Genetic information of disorders continue to be helping scientists understand the defect , protein misfoldings and treatment… I would not dismiss genetic testing that easily
This guest poster has hit the nail on the head (and futile care in the pocketbook.) If we could make a meaningfull correlation between treatment options and their costs, much useless testing would go away. Of course, that would also include tort reform on malpractice, a “little” item that the Obamessiah doesn’t think is important. We have a brilliant, charismatic, eloquent sociopath in charge of the nation.
I agree that there needs to be a link between clinical efficacy and reimbursement at some level. At the moment these kinds of considerations are not incentivised.
The Obama administration is supposedly a great believer in evidence based medicine. Hence the comparitive effectiveness research funding in the stimulus (that republicans ensured cannot be linked to payment decisions!)
There are many legislative options (political practicality of course is a different animal)
Eg in France public insurance money will pay 100% for the most effective (and cost effective) treatments, and less and less for more and more speculative treatments. THIS ESTABLISHES THE FLOOR – the minimum of care everyone should recieve. Private insurance and out of pocket payments (moral hazard) pick up the rest of the tab for the more clinically dubious tests/procedures (especially if you have money to spend on really gold plated insurance!). Thus no evil ceiling on expenditure to destroy innovation…

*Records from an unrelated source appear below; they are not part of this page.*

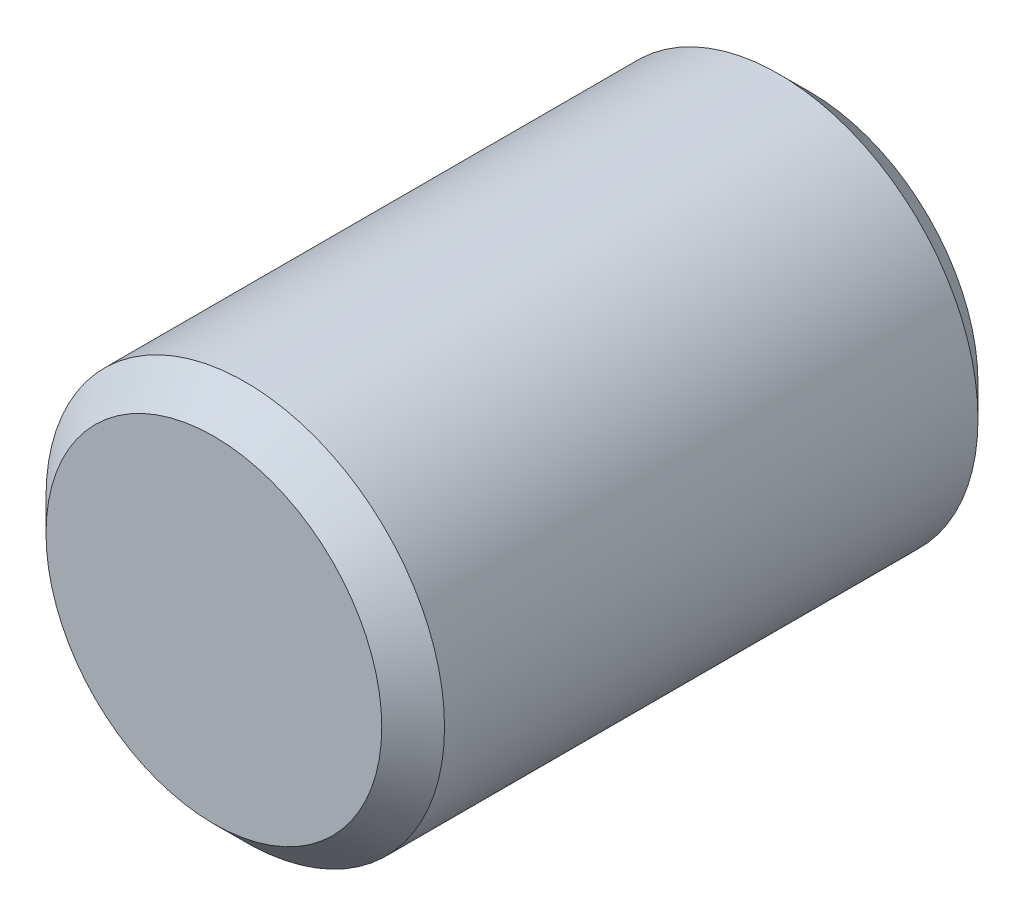
ISO-10303-21;
HEADER;
FILE_DESCRIPTION(('STEP AP214'),'2;1');
FILE_NAME('part.step','',(''),(''),'','','');
FILE_SCHEMA(('AUTOMOTIVE_DESIGN { 1 0 10303 214 1 1 1 1 }'));
ENDSEC;
DATA;
#1=APPLICATION_CONTEXT('core data for automotive mechanical design processes');
#2=APPLICATION_PROTOCOL_DEFINITION('international standard','automotive_design',2000,#1);
#3=PRODUCT_CONTEXT('',#1,'mechanical');
#4=PRODUCT('Part','Part','',(#3));
#5=PRODUCT_RELATED_PRODUCT_CATEGORY('part','',(#4));
#6=PRODUCT_DEFINITION_FORMATION('','',#4);
#7=PRODUCT_DEFINITION_CONTEXT('part definition',#1,'design');
#8=PRODUCT_DEFINITION('design','',#6,#7);
#9=PRODUCT_DEFINITION_SHAPE('','',#8);
#10=(LENGTH_UNIT() NAMED_UNIT(*) SI_UNIT(.MILLI.,.METRE.));
#11=(NAMED_UNIT(*) PLANE_ANGLE_UNIT() SI_UNIT($,.RADIAN.));
#12=(NAMED_UNIT(*) SI_UNIT($,.STERADIAN.) SOLID_ANGLE_UNIT());
#13=UNCERTAINTY_MEASURE_WITH_UNIT(LENGTH_MEASURE(1.E-05),#10,'distance_accuracy_value','');
#14=(GEOMETRIC_REPRESENTATION_CONTEXT(3) GLOBAL_UNCERTAINTY_ASSIGNED_CONTEXT((#13)) GLOBAL_UNIT_ASSIGNED_CONTEXT((#10,
#11,#12)) REPRESENTATION_CONTEXT('',''));
#15=CARTESIAN_POINT('',(0.,0.,0.));
#16=DIRECTION('',(0.,0.,1.));
#17=DIRECTION('',(1.,0.,0.));
#18=AXIS2_PLACEMENT_3D('',#15,#16,#17);
#19=CARTESIAN_POINT('',(0.,0.,-4.75));
#20=DIRECTION('',(0.,0.,1.));
#21=DIRECTION('',(1.,0.,0.));
#22=AXIS2_PLACEMENT_3D('',#19,#20,#21);
#23=CYLINDRICAL_SURFACE('',#22,3.175);
#24=CARTESIAN_POINT('',(0.,0.,-4.25));
#25=DIRECTION('',(0.,0.,1.));
#26=DIRECTION('',(1.,0.,0.));
#27=AXIS2_PLACEMENT_3D('',#24,#25,#26);
#28=CIRCLE('',#27,3.175);
#29=CARTESIAN_POINT('',(3.175,0.,-4.25));
#30=VERTEX_POINT('',#29);
#31=EDGE_CURVE('E41',#30,#30,#28,.T.);
#32=ORIENTED_EDGE('',*,*,#31,.T.);
#33=EDGE_LOOP('',(#32));
#34=FACE_BOUND('',#33,.T.);
#35=CARTESIAN_POINT('',(0.,0.,4.25));
#36=DIRECTION('',(0.,0.,1.));
#37=DIRECTION('',(1.,0.,0.));
#38=AXIS2_PLACEMENT_3D('',#35,#36,#37);
#39=CIRCLE('',#38,3.175);
#40=CARTESIAN_POINT('',(3.175,0.,4.25));
#41=VERTEX_POINT('',#40);
#42=EDGE_CURVE('E45',#41,#41,#39,.F.);
#43=ORIENTED_EDGE('',*,*,#42,.T.);
#44=EDGE_LOOP('',(#43));
#45=FACE_BOUND('',#44,.T.);
#46=ADVANCED_FACE('F30',(#34,#45),#23,.T.);
#47=CARTESIAN_POINT('',(0.,0.,-4.75));
#48=DIRECTION('',(0.,0.,1.));
#49=DIRECTION('',(1.,0.,0.));
#50=AXIS2_PLACEMENT_3D('',#47,#48,#49);
#51=PLANE('',#50);
#52=CARTESIAN_POINT('',(0.,0.,-4.75));
#53=DIRECTION('',(0.,0.,1.));
#54=DIRECTION('',(1.,0.,0.));
#55=AXIS2_PLACEMENT_3D('',#52,#53,#54);
#56=CIRCLE('',#55,2.675);
#57=CARTESIAN_POINT('',(2.675,0.,-4.75));
#58=VERTEX_POINT('',#57);
#59=EDGE_CURVE('E37',#58,#58,#56,.F.);
#60=ORIENTED_EDGE('',*,*,#59,.T.);
#61=EDGE_LOOP('',(#60));
#62=FACE_BOUND('',#61,.T.);
#63=ADVANCED_FACE('F61',(#62),#51,.F.);
#64=CARTESIAN_POINT('',(0.,0.,4.75));
#65=DIRECTION('',(0.,0.,1.));
#66=DIRECTION('',(1.,0.,0.));
#67=AXIS2_PLACEMENT_3D('',#64,#65,#66);
#68=PLANE('',#67);
#69=CARTESIAN_POINT('',(0.,0.,4.75));
#70=DIRECTION('',(0.,0.,1.));
#71=DIRECTION('',(1.,0.,0.));
#72=AXIS2_PLACEMENT_3D('',#69,#70,#71);
#73=CIRCLE('',#72,2.675);
#74=CARTESIAN_POINT('',(2.675,0.,4.75));
#75=VERTEX_POINT('',#74);
#76=EDGE_CURVE('E10',#75,#75,#73,.T.);
#77=ORIENTED_EDGE('',*,*,#76,.T.);
#78=EDGE_LOOP('',(#77));
#79=FACE_BOUND('',#78,.T.);
#80=ADVANCED_FACE('F58',(#79),#68,.T.);
#81=CARTESIAN_POINT('',(0.,0.,-4.25));
#82=DIRECTION('',(0.,0.,1.));
#83=DIRECTION('',(1.,0.,0.));
#84=AXIS2_PLACEMENT_3D('',#81,#82,#83);
#85=CONICAL_SURFACE('',#84,3.175,0.78539816339745);
#86=ORIENTED_EDGE('',*,*,#59,.F.);
#87=EDGE_LOOP('',(#86));
#88=FACE_BOUND('',#87,.T.);
#89=ORIENTED_EDGE('',*,*,#31,.F.);
#90=EDGE_LOOP('',(#89));
#91=FACE_BOUND('',#90,.T.);
#92=ADVANCED_FACE('F54',(#88,#91),#85,.T.);
#93=CARTESIAN_POINT('',(0.,0.,4.75));
#94=DIRECTION('',(0.,0.,-1.));
#95=DIRECTION('',(-1.,0.,0.));
#96=AXIS2_PLACEMENT_3D('',#93,#94,#95);
#97=CONICAL_SURFACE('',#96,2.675,0.785398163397446);
#98=ORIENTED_EDGE('',*,*,#42,.F.);
#99=EDGE_LOOP('',(#98));
#100=FACE_BOUND('',#99,.T.);
#101=ORIENTED_EDGE('',*,*,#76,.F.);
#102=EDGE_LOOP('',(#101));
#103=FACE_BOUND('',#102,.T.);
#104=ADVANCED_FACE('F32',(#100,#103),#97,.T.);
#105=CLOSED_SHELL('',(#46,#63,#80,#92,#104));
#106=MANIFOLD_SOLID_BREP('B2',#105);
#107=ADVANCED_BREP_SHAPE_REPRESENTATION('',(#18,#106),#14);
#108=SHAPE_DEFINITION_REPRESENTATION(#9,#107);
ENDSEC;
END-ISO-10303-21;

There needs to be a link between efficacy and basic insurance reimbursement in the US. To make that practical and not a red tape nightmare I believe that a single body, like a healthcare federal reserve*, should define efficacy: the “floor”, or the minimum standard that all insurance must cover. These decisions should be based upon cost effectiveness and on the best scientific research available interpreted with physician and scientific community input. They should be updated often as new evidence arises.
If people can afford better coverage then they should be free to buy it!
-terry
* (current financial armagedon notwithstanding)
Terry:
Who is going to legislate, fund, and appoint your “healthcare federal reserve”? God? If not, it will be politicians. There is absolutely nothing in my experience on this planet that would lead me to the slightest hope that it’s decisions will not be based on political considerations, or overridden for political reasons. Is there in yours?